The main settlements are Port Jackson and Port Charles.
Port Jackson
Port Jackson is a bay on the north coast, just south of Cape Colville.
Port Charles
Cook named Port Charles as he sailed by on 17 November 1769. A sawmill opened in 1865 and closed in 1890, later belonging to the Auckland Timber Co and with a tramway. The population was 67 in 1901. Northern Steamship Co. vessels used to call at Port Charles. The road from Colville opened in 1928. A volunteer fire fighting group is based locally. There were severe floods in 1950 2002 and 2016, the 1950 flood moving the school off its foundations, bringing about its closure and 2002 flooding 23 homes. The beach is also being eroded.
History
Mt Moehau is sacred to the Marutūāhu tribes of Māori. Many important chiefs, including Tama-te-kapua of Te Arawa, are buried on its summit. The full name of the mountain is Te Moengahau-o-Tamatekapua (the windy sleeping place of Tamatekapua).
Biodiversity
The Moehau Range is considered one of New Zealand's six 'biodiversity hot spots'. The Moehau peak contains a selection of indigenous vegetation that is unique for a North Island forest, and is home to silver and pink pine, kaikawaka, sweet hutu (Ascarina sp.) and southern rata, and is the northern limit for many southern montane species such as mountain toatoa and mountain cedar (pahautea). The range is also noteworthy for the rare native Archey's frog (Leiopelma archeyi), whose young hatch from eggs, bypassing the tadpole stage.
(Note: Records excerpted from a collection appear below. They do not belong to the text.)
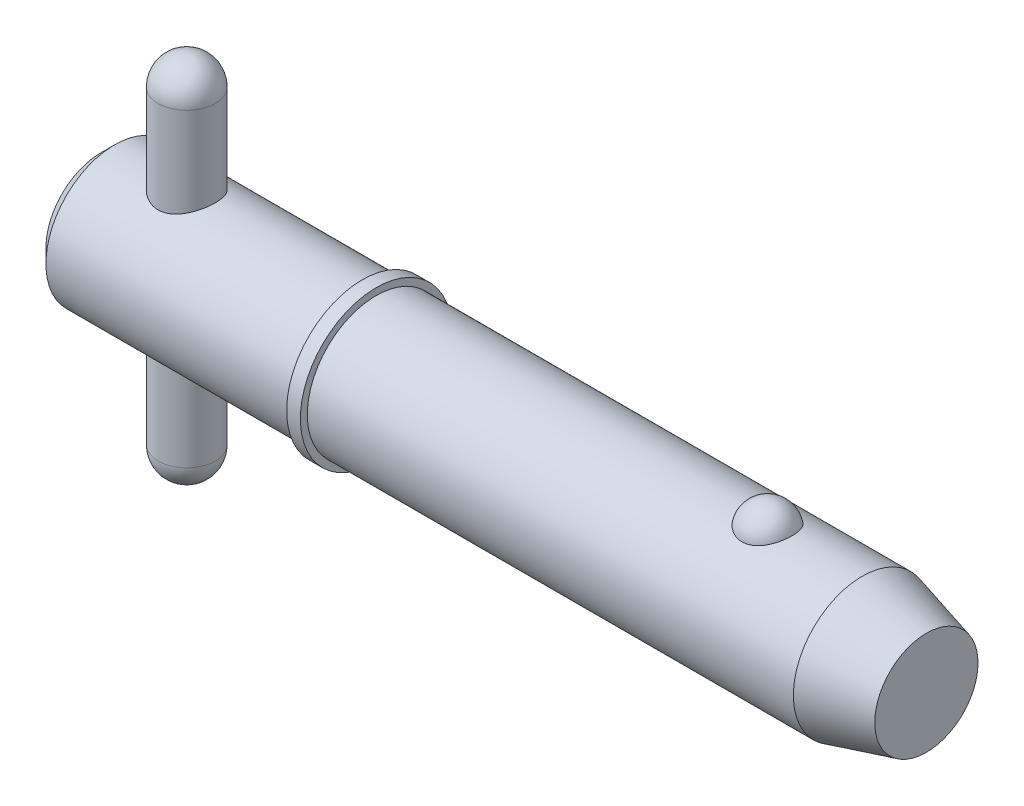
ISO-10303-21;
HEADER;
FILE_DESCRIPTION(('STEP AP214'),'2;1');
FILE_NAME('part.step','',(''),(''),'','','');
FILE_SCHEMA(('AUTOMOTIVE_DESIGN { 1 0 10303 214 1 1 1 1 }'));
ENDSEC;
DATA;
#1=APPLICATION_CONTEXT('core data for automotive mechanical design processes');
#2=APPLICATION_PROTOCOL_DEFINITION('international standard','automotive_design',2000,#1);
#3=PRODUCT_CONTEXT('',#1,'mechanical');
#4=PRODUCT('Part','Part','',(#3));
#5=PRODUCT_RELATED_PRODUCT_CATEGORY('part','',(#4));
#6=PRODUCT_DEFINITION_FORMATION('','',#4);
#7=PRODUCT_DEFINITION_CONTEXT('part definition',#1,'design');
#8=PRODUCT_DEFINITION('design','',#6,#7);
#9=PRODUCT_DEFINITION_SHAPE('','',#8);
#10=(LENGTH_UNIT() NAMED_UNIT(*) SI_UNIT(.MILLI.,.METRE.));
#11=(NAMED_UNIT(*) PLANE_ANGLE_UNIT() SI_UNIT($,.RADIAN.));
#12=(NAMED_UNIT(*) SI_UNIT($,.STERADIAN.) SOLID_ANGLE_UNIT());
#13=UNCERTAINTY_MEASURE_WITH_UNIT(LENGTH_MEASURE(1.E-05),#10,'distance_accuracy_value','');
#14=(GEOMETRIC_REPRESENTATION_CONTEXT(3) GLOBAL_UNCERTAINTY_ASSIGNED_CONTEXT((#13)) GLOBAL_UNIT_ASSIGNED_CONTEXT((#10,
#11,#12)) REPRESENTATION_CONTEXT('',''));
#15=CARTESIAN_POINT('',(0.,0.,0.));
#16=DIRECTION('',(0.,0.,1.));
#17=DIRECTION('',(1.,0.,0.));
#18=AXIS2_PLACEMENT_3D('',#15,#16,#17);
#19=CARTESIAN_POINT('',(5.94,12.7,0.));
#20=DIRECTION('',(0.,-1.,0.));
#21=DIRECTION('',(0.,0.,-1.));
#22=AXIS2_PLACEMENT_3D('',#19,#20,#21);
#23=CYLINDRICAL_SURFACE('',#22,1.98);
#24=CARTESIAN_POINT('',(5.94,-10.72,0.));
#25=DIRECTION('',(0.,-1.,0.));
#26=DIRECTION('',(0.,0.,-1.));
#27=AXIS2_PLACEMENT_3D('',#24,#25,#26);
#28=CIRCLE('',#27,1.98);
#29=CARTESIAN_POINT('',(5.94,-10.72,-1.98));
#30=VERTEX_POINT('',#29);
#31=EDGE_CURVE('P0_E10',#30,#30,#28,.F.);
#32=ORIENTED_EDGE('',*,*,#31,.T.);
#33=EDGE_LOOP('',(#32));
#34=FACE_BOUND('',#33,.T.);
#35=CARTESIAN_POINT('',(5.94,10.72,0.));
#36=DIRECTION('',(0.,-1.,0.));
#37=DIRECTION('',(0.,0.,-1.));
#38=AXIS2_PLACEMENT_3D('',#35,#36,#37);
#39=CIRCLE('',#38,1.98);
#40=CARTESIAN_POINT('',(5.94,10.72,-1.98));
#41=VERTEX_POINT('',#40);
#42=EDGE_CURVE('P0_E21',#41,#41,#39,.T.);
#43=ORIENTED_EDGE('',*,*,#42,.T.);
#44=EDGE_LOOP('',(#43));
#45=FACE_BOUND('',#44,.T.);
#46=ADVANCED_FACE('P0_F14',(#34,#45),#23,.T.);
#47=CARTESIAN_POINT('',(5.94,-10.72,0.));
#48=DIRECTION('',(0.,0.,1.));
#49=DIRECTION('',(1.,0.,0.));
#50=AXIS2_PLACEMENT_3D('',#47,#48,#49);
#51=SPHERICAL_SURFACE('',#50,1.98);
#52=CARTESIAN_POINT('',(5.94,-10.72,0.));
#53=DIRECTION('',(0.,-1.,0.));
#54=DIRECTION('',(0.,0.,-1.));
#55=AXIS2_PLACEMENT_3D('',#52,#53,#54);
#56=SPHERICAL_SURFACE('',#55,1.98);
#57=ORIENTED_EDGE('',*,*,#31,.F.);
#58=EDGE_LOOP('',(#57));
#59=FACE_BOUND('',#58,.T.);
#60=ADVANCED_FACE('P0_F29',(#59),#56,.T.);
#61=CARTESIAN_POINT('',(5.94,10.72,0.));
#62=DIRECTION('',(0.,0.,1.));
#63=DIRECTION('',(1.,0.,0.));
#64=AXIS2_PLACEMENT_3D('',#61,#62,#63);
#65=SPHERICAL_SURFACE('',#64,1.98);
#66=CARTESIAN_POINT('',(5.94,10.72,0.));
#67=DIRECTION('',(0.,-1.,0.));
#68=DIRECTION('',(0.,0.,-1.));
#69=AXIS2_PLACEMENT_3D('',#66,#67,#68);
#70=SPHERICAL_SURFACE('',#69,1.98);
#71=ORIENTED_EDGE('',*,*,#42,.F.);
#72=EDGE_LOOP('',(#71));
#73=FACE_BOUND('',#72,.T.);
#74=ADVANCED_FACE('P0_F16',(#73),#70,.T.);
#75=CLOSED_SHELL('',(#46,#60,#74));
#76=MANIFOLD_SOLID_BREP('P0_B1',#75);
#77=CARTESIAN_POINT('',(0.,0.,0.));
#78=DIRECTION('',(1.,0.,0.));
#79=DIRECTION('',(0.,0.,-1.));
#80=AXIS2_PLACEMENT_3D('',#77,#78,#79);
#81=CYLINDRICAL_SURFACE('',#80,4.765);
#82=CARTESIAN_POINT('',(52.7041944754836,0.,0.));
#83=DIRECTION('',(1.,0.,0.));
#84=DIRECTION('',(0.,0.,-1.));
#85=AXIS2_PLACEMENT_3D('',#82,#83,#84);
#86=CIRCLE('',#85,4.765);
#87=CARTESIAN_POINT('',(52.7041944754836,0.,-4.765));
#88=VERTEX_POINT('',#87);
#89=EDGE_CURVE('P1_E81',#88,#88,#86,.T.);
#90=ORIENTED_EDGE('',*,*,#89,.F.);
#91=EDGE_LOOP('',(#90));
#92=FACE_BOUND('',#91,.T.);
#93=CARTESIAN_POINT('',(19.05,0.,0.));
#94=DIRECTION('',(1.,0.,0.));
#95=DIRECTION('',(0.,0.,-1.));
#96=AXIS2_PLACEMENT_3D('',#93,#94,#95);
#97=CIRCLE('',#96,4.765);
#98=CARTESIAN_POINT('',(19.05,0.,-4.765));
#99=VERTEX_POINT('',#98);
#100=EDGE_CURVE('P1_E85',#99,#99,#97,.T.);
#101=ORIENTED_EDGE('',*,*,#100,.T.);
#102=EDGE_LOOP('',(#101));
#103=FACE_BOUND('',#102,.T.);
#104=CARTESIAN_POINT('',(46.151020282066,4.42764777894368,1.76101111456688));
#105=CARTESIAN_POINT('',(46.0597212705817,4.42764470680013,1.76101422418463));
#106=CARTESIAN_POINT('',(45.9684468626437,4.43059091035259,1.75366340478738));
#107=CARTESIAN_POINT('',(45.7886154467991,4.44201846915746,1.72451180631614));
#108=CARTESIAN_POINT('',(45.7000577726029,4.45049845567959,1.70271460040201));
#109=CARTESIAN_POINT('',(45.5282570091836,4.47200516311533,1.64539370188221));
#110=CARTESIAN_POINT('',(45.4450064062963,4.48502527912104,1.60988994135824));
#111=CARTESIAN_POINT('',(45.2857633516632,4.51419542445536,1.52617873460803));
#112=CARTESIAN_POINT('',(45.2097723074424,4.53034605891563,1.47796883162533));
#113=CARTESIAN_POINT('',(45.0647445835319,4.5645931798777,1.36860494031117));
#114=CARTESIAN_POINT('',(44.9959645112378,4.58273170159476,1.3071242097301));
#115=CARTESIAN_POINT('',(44.8693423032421,4.61870302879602,1.17370204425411));
#116=CARTESIAN_POINT('',(44.8115021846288,4.63653577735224,1.10175868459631));
#117=CARTESIAN_POINT('',(44.7055709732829,4.67090140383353,0.945806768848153));
#118=CARTESIAN_POINT('',(44.6580305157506,4.68734068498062,0.861402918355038));
#119=CARTESIAN_POINT('',(44.5770817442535,4.71628466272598,0.685442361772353));
#120=CARTESIAN_POINT('',(44.5436747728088,4.72878898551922,0.593884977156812));
#121=CARTESIAN_POINT('',(44.491287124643,4.74874061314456,0.404781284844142));
#122=CARTESIAN_POINT('',(44.4725178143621,4.75611366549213,0.307168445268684));
#123=CARTESIAN_POINT('',(44.4505846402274,4.76475393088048,0.109940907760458));
#124=CARTESIAN_POINT('',(44.4474205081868,4.76602124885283,0.0103262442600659));
#125=CARTESIAN_POINT('',(44.4567405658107,4.76232928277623,-0.187629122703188));
#126=CARTESIAN_POINT('',(44.4691588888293,4.7573962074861,-0.285973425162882));
#127=CARTESIAN_POINT('',(44.5092804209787,4.74184975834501,-0.479027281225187));
#128=CARTESIAN_POINT('',(44.5369839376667,4.7312362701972,-0.573736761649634));
#129=CARTESIAN_POINT('',(44.6071581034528,4.70540026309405,-0.756973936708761));
#130=CARTESIAN_POINT('',(44.6496460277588,4.69017235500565,-0.845494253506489));
#131=CARTESIAN_POINT('',(44.748520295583,4.6566986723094,-1.01378033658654));
#132=CARTESIAN_POINT('',(44.8049076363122,4.63845268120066,-1.09354547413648));
#133=CARTESIAN_POINT('',(44.930552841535,4.60085438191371,-1.24228523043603));
#134=CARTESIAN_POINT('',(44.9998439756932,4.58149930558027,-1.31123108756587));
#135=CARTESIAN_POINT('',(45.1496066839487,4.54391653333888,-1.43607409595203));
#136=CARTESIAN_POINT('',(45.2300771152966,4.52568872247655,-1.49197257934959));
#137=CARTESIAN_POINT('',(45.3981500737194,4.49293007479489,-1.58786764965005));
#138=CARTESIAN_POINT('',(45.4855445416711,4.47832346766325,-1.62820219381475));
#139=CARTESIAN_POINT('',(45.666553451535,4.45406011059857,-1.69345757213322));
#140=CARTESIAN_POINT('',(45.7601655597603,4.44440151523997,-1.71838415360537));
#141=CARTESIAN_POINT('',(45.9458939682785,4.43159888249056,-1.75112843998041));
#142=CARTESIAN_POINT('',(46.037849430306,4.42815213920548,-1.75974223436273));
#143=CARTESIAN_POINT('',(46.2219658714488,4.427247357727,-1.76201865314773));
#144=CARTESIAN_POINT('',(46.3141268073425,4.42978816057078,-1.7556841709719));
#145=CARTESIAN_POINT('',(46.4931292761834,4.4403864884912,-1.72869560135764));
#146=CARTESIAN_POINT('',(46.5800474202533,4.44827555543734,-1.70847853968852));
#147=CARTESIAN_POINT('',(46.7491314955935,4.46852246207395,-1.65479562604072));
#148=CARTESIAN_POINT('',(46.8312970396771,4.48088066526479,-1.62132869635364));
#149=CARTESIAN_POINT('',(46.9905916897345,4.50907357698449,-1.54120560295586));
#150=CARTESIAN_POINT('',(47.0675700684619,4.52497884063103,-1.49427526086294));
#151=CARTESIAN_POINT('',(47.2127080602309,4.55845148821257,-1.38881222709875));
#152=CARTESIAN_POINT('',(47.2808656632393,4.57601924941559,-1.33027689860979));
#153=CARTESIAN_POINT('',(47.4100990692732,4.61196537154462,-1.19991049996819));
#154=CARTESIAN_POINT('',(47.4706562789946,4.63034074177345,-1.12756415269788));
#155=CARTESIAN_POINT('',(47.5792797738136,4.66513959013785,-0.973612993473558));
#156=CARTESIAN_POINT('',(47.6273438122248,4.68156271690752,-0.892006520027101));
#157=CARTESIAN_POINT('',(47.711383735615,4.71130224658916,-0.718892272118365));
#158=CARTESIAN_POINT('',(47.7469185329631,4.724501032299,-0.627149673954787));
#159=CARTESIAN_POINT('',(47.8029522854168,4.74571823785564,-0.438611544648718));
#160=CARTESIAN_POINT('',(47.823450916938,4.75373654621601,-0.341815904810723));
#161=CARTESIAN_POINT('',(47.8490338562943,4.76378905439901,-0.145633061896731));
#162=CARTESIAN_POINT('',(47.854076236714,4.76580697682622,-0.0462395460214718));
#163=CARTESIAN_POINT('',(47.8485239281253,4.76360573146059,0.15203857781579));
#164=CARTESIAN_POINT('',(47.8379294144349,4.75938663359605,0.250923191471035));
#165=CARTESIAN_POINT('',(47.8013875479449,4.74516937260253,0.445004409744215));
#166=CARTESIAN_POINT('',(47.7754964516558,4.73519238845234,0.54021317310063));
#167=CARTESIAN_POINT('',(47.7089273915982,4.7104939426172,0.724662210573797));
#168=CARTESIAN_POINT('',(47.668248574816,4.69577220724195,0.813902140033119));
#169=CARTESIAN_POINT('',(47.5727177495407,4.66303767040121,0.984313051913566));
#170=CARTESIAN_POINT('',(47.5178042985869,4.64501070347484,1.06544688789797));
#171=CARTESIAN_POINT('',(47.3950496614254,4.60764678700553,1.21692673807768));
#172=CARTESIAN_POINT('',(47.3272086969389,4.58830985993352,1.2872729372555));
#173=CARTESIAN_POINT('',(47.1805480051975,4.55060370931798,1.41479271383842));
#174=CARTESIAN_POINT('',(47.1017918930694,4.53222967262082,1.47203785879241));
#175=CARTESIAN_POINT('',(46.9349890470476,4.49849576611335,1.57212016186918));
#176=CARTESIAN_POINT('',(46.8469417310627,4.48313608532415,1.61495641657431));
#177=CARTESIAN_POINT('',(46.6597918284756,4.45676184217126,1.68642657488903));
#178=CARTESIAN_POINT('',(46.5603653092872,4.44598302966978,1.71430590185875));
#179=CARTESIAN_POINT('',(46.3576210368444,4.43142918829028,1.7515925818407));
#180=CARTESIAN_POINT('',(46.2543049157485,4.42765125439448,1.76100759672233));
#181=CARTESIAN_POINT('',(46.151020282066,4.42764777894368,1.76101111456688));
#182=B_SPLINE_CURVE_WITH_KNOTS('',3,(#104,#105,#106,#107,#108,#109,#110,#111,#112,#113,#114,
#115,#116,#117,#118,#119,#120,#121,#122,#123,#124,#125,#126,#127,#128,#129,#130,#131,#132,#133,
#134,#135,#136,#137,#138,#139,#140,#141,#142,#143,#144,#145,#146,#147,#148,#149,#150,#151,#152,
#153,#154,#155,#156,#157,#158,#159,#160,#161,#162,#163,#164,#165,#166,#167,#168,#169,#170,#171,
#172,#173,#174,#175,#176,#177,#178,#179,#180,#181),.UNSPECIFIED.,.T.,.F.,(4,2,2,2,2,2,2,2,2,2,2,
2,2,2,2,2,2,2,2,2,2,2,2,2,2,2,2,2,2,2,2,2,2,2,2,2,2,2,4),(0.,0.273517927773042,
0.546968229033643,0.820022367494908,1.09312934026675,1.37393946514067,1.65480131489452,
1.94820420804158,2.24163496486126,2.53922817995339,2.8368162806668,3.13315071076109,
3.42949110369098,3.72617893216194,4.02288805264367,4.32037303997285,4.61782764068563,
4.90840095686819,5.19886582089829,5.4747485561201,5.75057789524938,6.01809977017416,
6.28564340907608,6.55907787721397,6.83257454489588,7.11962987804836,7.40673679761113,
7.70312663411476,7.99952284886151,8.29672237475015,8.59391856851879,8.89002850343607,
9.18615552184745,9.483582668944,9.78100471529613,10.0767610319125,10.3725358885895,
10.6820893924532,10.991514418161),.UNSPECIFIED.);
#183=CARTESIAN_POINT('',(46.151020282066,4.42764777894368,1.76101111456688));
#184=VERTEX_POINT('',#183);
#185=EDGE_CURVE('P1_E35',#184,#184,#182,.T.);
#186=ORIENTED_EDGE('',*,*,#185,.T.);
#187=EDGE_LOOP('',(#186));
#188=FACE_BOUND('',#187,.T.);
#189=ADVANCED_FACE('P1_F13',(#92,#103,#188),#81,.T.);
#190=CARTESIAN_POINT('',(0.,0.,0.));
#191=DIRECTION('',(-1.,0.,0.));
#192=DIRECTION('',(0.,0.,1.));
#193=AXIS2_PLACEMENT_3D('',#190,#191,#192);
#194=PLANE('',#193);
#195=CARTESIAN_POINT('',(0.,0.,0.));
#196=DIRECTION('',(1.,0.,0.));
#197=DIRECTION('',(0.,0.,-1.));
#198=AXIS2_PLACEMENT_3D('',#195,#196,#197);
#199=CIRCLE('',#198,3.812);
#200=CARTESIAN_POINT('',(0.,0.,-3.812));
#201=VERTEX_POINT('',#200);
#202=EDGE_CURVE('P1_E9',#201,#201,#199,.T.);
#203=ORIENTED_EDGE('',*,*,#202,.F.);
#204=EDGE_LOOP('',(#203));
#205=FACE_BOUND('',#204,.T.);
#206=ADVANCED_FACE('P1_F15',(#205),#194,.T.);
#207=CARTESIAN_POINT('',(0.952999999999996,0.,0.));
#208=DIRECTION('',(1.,0.,0.));
#209=DIRECTION('',(0.,0.,-1.));
#210=AXIS2_PLACEMENT_3D('',#207,#208,#209);
#211=CONICAL_SURFACE('',#210,4.765,0.78539816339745);
#212=ORIENTED_EDGE('',*,*,#202,.T.);
#213=EDGE_LOOP('',(#212));
#214=FACE_BOUND('',#213,.T.);
#215=CARTESIAN_POINT('',(0.952999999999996,0.,0.));
#216=DIRECTION('',(1.,0.,0.));
#217=DIRECTION('',(0.,0.,-1.));
#218=AXIS2_PLACEMENT_3D('',#215,#216,#217);
#219=CIRCLE('',#218,4.765);
#220=CARTESIAN_POINT('',(0.952999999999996,0.,-4.765));
#221=VERTEX_POINT('',#220);
#222=EDGE_CURVE('P1_E26',#221,#221,#219,.T.);
#223=ORIENTED_EDGE('',*,*,#222,.F.);
#224=EDGE_LOOP('',(#223));
#225=FACE_BOUND('',#224,.T.);
#226=ADVANCED_FACE('P1_F77',(#214,#225),#211,.T.);
#227=CARTESIAN_POINT('',(0.,0.,0.));
#228=DIRECTION('',(1.,0.,0.));
#229=DIRECTION('',(0.,0.,-1.));
#230=AXIS2_PLACEMENT_3D('',#227,#228,#229);
#231=CYLINDRICAL_SURFACE('',#230,4.765);
#232=CARTESIAN_POINT('',(5.94,-4.33414639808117,1.98));
#233=CARTESIAN_POINT('',(5.83435484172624,-4.33415447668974,1.97999169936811));
#234=CARTESIAN_POINT('',(5.72854887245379,-4.33806396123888,1.97149330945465));
#235=CARTESIAN_POINT('',(5.51998191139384,-4.35319906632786,1.93783487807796));
#236=CARTESIAN_POINT('',(5.41723000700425,-4.3644446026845,1.91262947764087));
#237=CARTESIAN_POINT('',(5.21817294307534,-4.39274225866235,1.84670269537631));
#238=CARTESIAN_POINT('',(5.12184344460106,-4.40977076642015,1.80604432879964));
#239=CARTESIAN_POINT('',(4.93740039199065,-4.44768106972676,1.71055160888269));
#240=CARTESIAN_POINT('',(4.84928487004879,-4.46856193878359,1.65572066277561));
#241=CARTESIAN_POINT('',(4.67826533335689,-4.51326966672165,1.52981120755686));
#242=CARTESIAN_POINT('',(4.59593118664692,-4.53719608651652,1.45799365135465));
#243=CARTESIAN_POINT('',(4.44405452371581,-4.58448035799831,1.30170177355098));
#244=CARTESIAN_POINT('',(4.37451692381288,-4.60783798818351,1.21722260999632));
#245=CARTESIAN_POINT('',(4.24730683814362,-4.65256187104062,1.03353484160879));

Moehau is also home to the Moehau stag beetle (Geodorcus sp.), the Moehau wētā (Hemiandrus sp.) and a population of approximately 500 brown kiwi.
The Moehau Environment Group [1] works to protect and enhance the natural environment of the Northern Coromandel Peninsula. In 2020 the group were given $400,000 to do possum, mustelid, rat and cat control on up to 15,000 ha (37,000 acres).